- Exercise objective
Reproduce the records that follow without alteration, apart from removing the pictures.

Stored data

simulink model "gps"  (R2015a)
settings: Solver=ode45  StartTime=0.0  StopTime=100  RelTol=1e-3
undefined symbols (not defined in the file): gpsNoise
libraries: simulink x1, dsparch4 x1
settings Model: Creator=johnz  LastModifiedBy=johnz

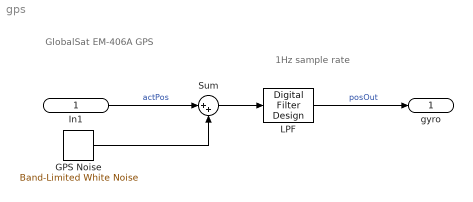
== system gps ==
  note: GlobalSat EM-406A GPS
  note: 1Hz sample rate
  In1 : Inport
  GPS Noise : simulink/Sources/Band-Limited White Noise  Cov=[gpsNoise]  Ts=1  seed=1001
  "LPF " : dsparch4/Digital Filter Design  mwdsp_browser_bugfix_var=off
  Sum : Sum  Inputs=|++
  gyro : Outport  OutDataTypeStr=double  PortDimensions=1
  wires:
  In1/1 -> Sum/1  "actPos"
  Sum/1 -> "LPF "/1
  "LPF "/1 -> gyro/1  "posOut"
  GPS Noise/1 -> Sum/2

- Task solution
simulink model "gps"  (R2015a)
settings: Solver=ode45  StartTime=0.0  StopTime=100  RelTol=1e-3
undefined symbols (not defined in the file): gpsNoise
libraries: simulink x1, dsparch4 x1
settings Model: Creator=johnz  LastModifiedBy=johnz

== system gps ==
  note: GlobalSat EM-406A GPS
  note: 1Hz sample rate
  In1 : Inport
  GPS Noise : simulink/Sources/Band-Limited White Noise  Cov=[gpsNoise]  Ts=1  seed=1001
  "LPF " : dsparch4/Digital Filter Design  mwdsp_browser_bugfix_var=off
  Sum : Sum  Inputs=|++
  gyro : Outport  OutDataTypeStr=double  PortDimensions=1
  wires:
  In1/1 -> Sum/1  "actPos"
  Sum/1 -> "LPF "/1
  "LPF "/1 -> gyro/1  "posOut"
  GPS Noise/1 -> Sum/2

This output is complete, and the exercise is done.